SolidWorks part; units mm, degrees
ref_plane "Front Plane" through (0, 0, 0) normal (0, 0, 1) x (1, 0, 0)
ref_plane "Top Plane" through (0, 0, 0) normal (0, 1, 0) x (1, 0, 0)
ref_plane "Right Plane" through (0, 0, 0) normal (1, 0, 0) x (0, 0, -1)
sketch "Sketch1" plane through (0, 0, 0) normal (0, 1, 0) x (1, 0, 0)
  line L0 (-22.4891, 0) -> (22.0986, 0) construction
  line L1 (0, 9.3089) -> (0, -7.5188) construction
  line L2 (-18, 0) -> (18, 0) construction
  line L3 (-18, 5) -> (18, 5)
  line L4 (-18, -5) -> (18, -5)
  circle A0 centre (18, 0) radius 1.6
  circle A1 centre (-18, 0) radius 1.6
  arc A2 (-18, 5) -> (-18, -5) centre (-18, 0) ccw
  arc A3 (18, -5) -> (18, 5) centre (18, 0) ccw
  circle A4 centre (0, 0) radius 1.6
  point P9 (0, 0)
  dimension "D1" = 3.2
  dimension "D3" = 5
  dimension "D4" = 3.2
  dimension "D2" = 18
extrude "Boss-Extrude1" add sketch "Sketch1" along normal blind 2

━━━

• [YOUR ASSIGNMENT]: Please take the whole listing and write it out exactly.

• [TASK OUTPUT]:
SolidWorks part; units mm, degrees
ref_plane "Front Plane" through (0, 0, 0) normal (0, 0, 1) x (1, 0, 0)
ref_plane "Top Plane" through (0, 0, 0) normal (0, 1, 0) x (1, 0, 0)
ref_plane "Right Plane" through (0, 0, 0) normal (1, 0, 0) x (0, 0, -1)
sketch "Sketch1" plane through (0, 0, 0) normal (0, 1, 0) x (1, 0, 0)
  line L0 (-22.4891, 0) -> (22.0986, 0) construction
  line L1 (0, 9.3089) -> (0, -7.5188) construction
  line L2 (-18, 0) -> (18, 0) construction
  line L3 (-18, 5) -> (18, 5)
  line L4 (-18, -5) -> (18, -5)
  circle A0 centre (18, 0) radius 1.6
  circle A1 centre (-18, 0) radius 1.6
  arc A2 (-18, 5) -> (-18, -5) centre (-18, 0) ccw
  arc A3 (18, -5) -> (18, 5) centre (18, 0) ccw
  circle A4 centre (0, 0) radius 1.6
  point P9 (0, 0)
  dimension "D1" = 3.2
  dimension "D3" = 5
  dimension "D4" = 3.2
  dimension "D2" = 18
extrude "Boss-Extrude1" add sketch "Sketch1" along normal blind 2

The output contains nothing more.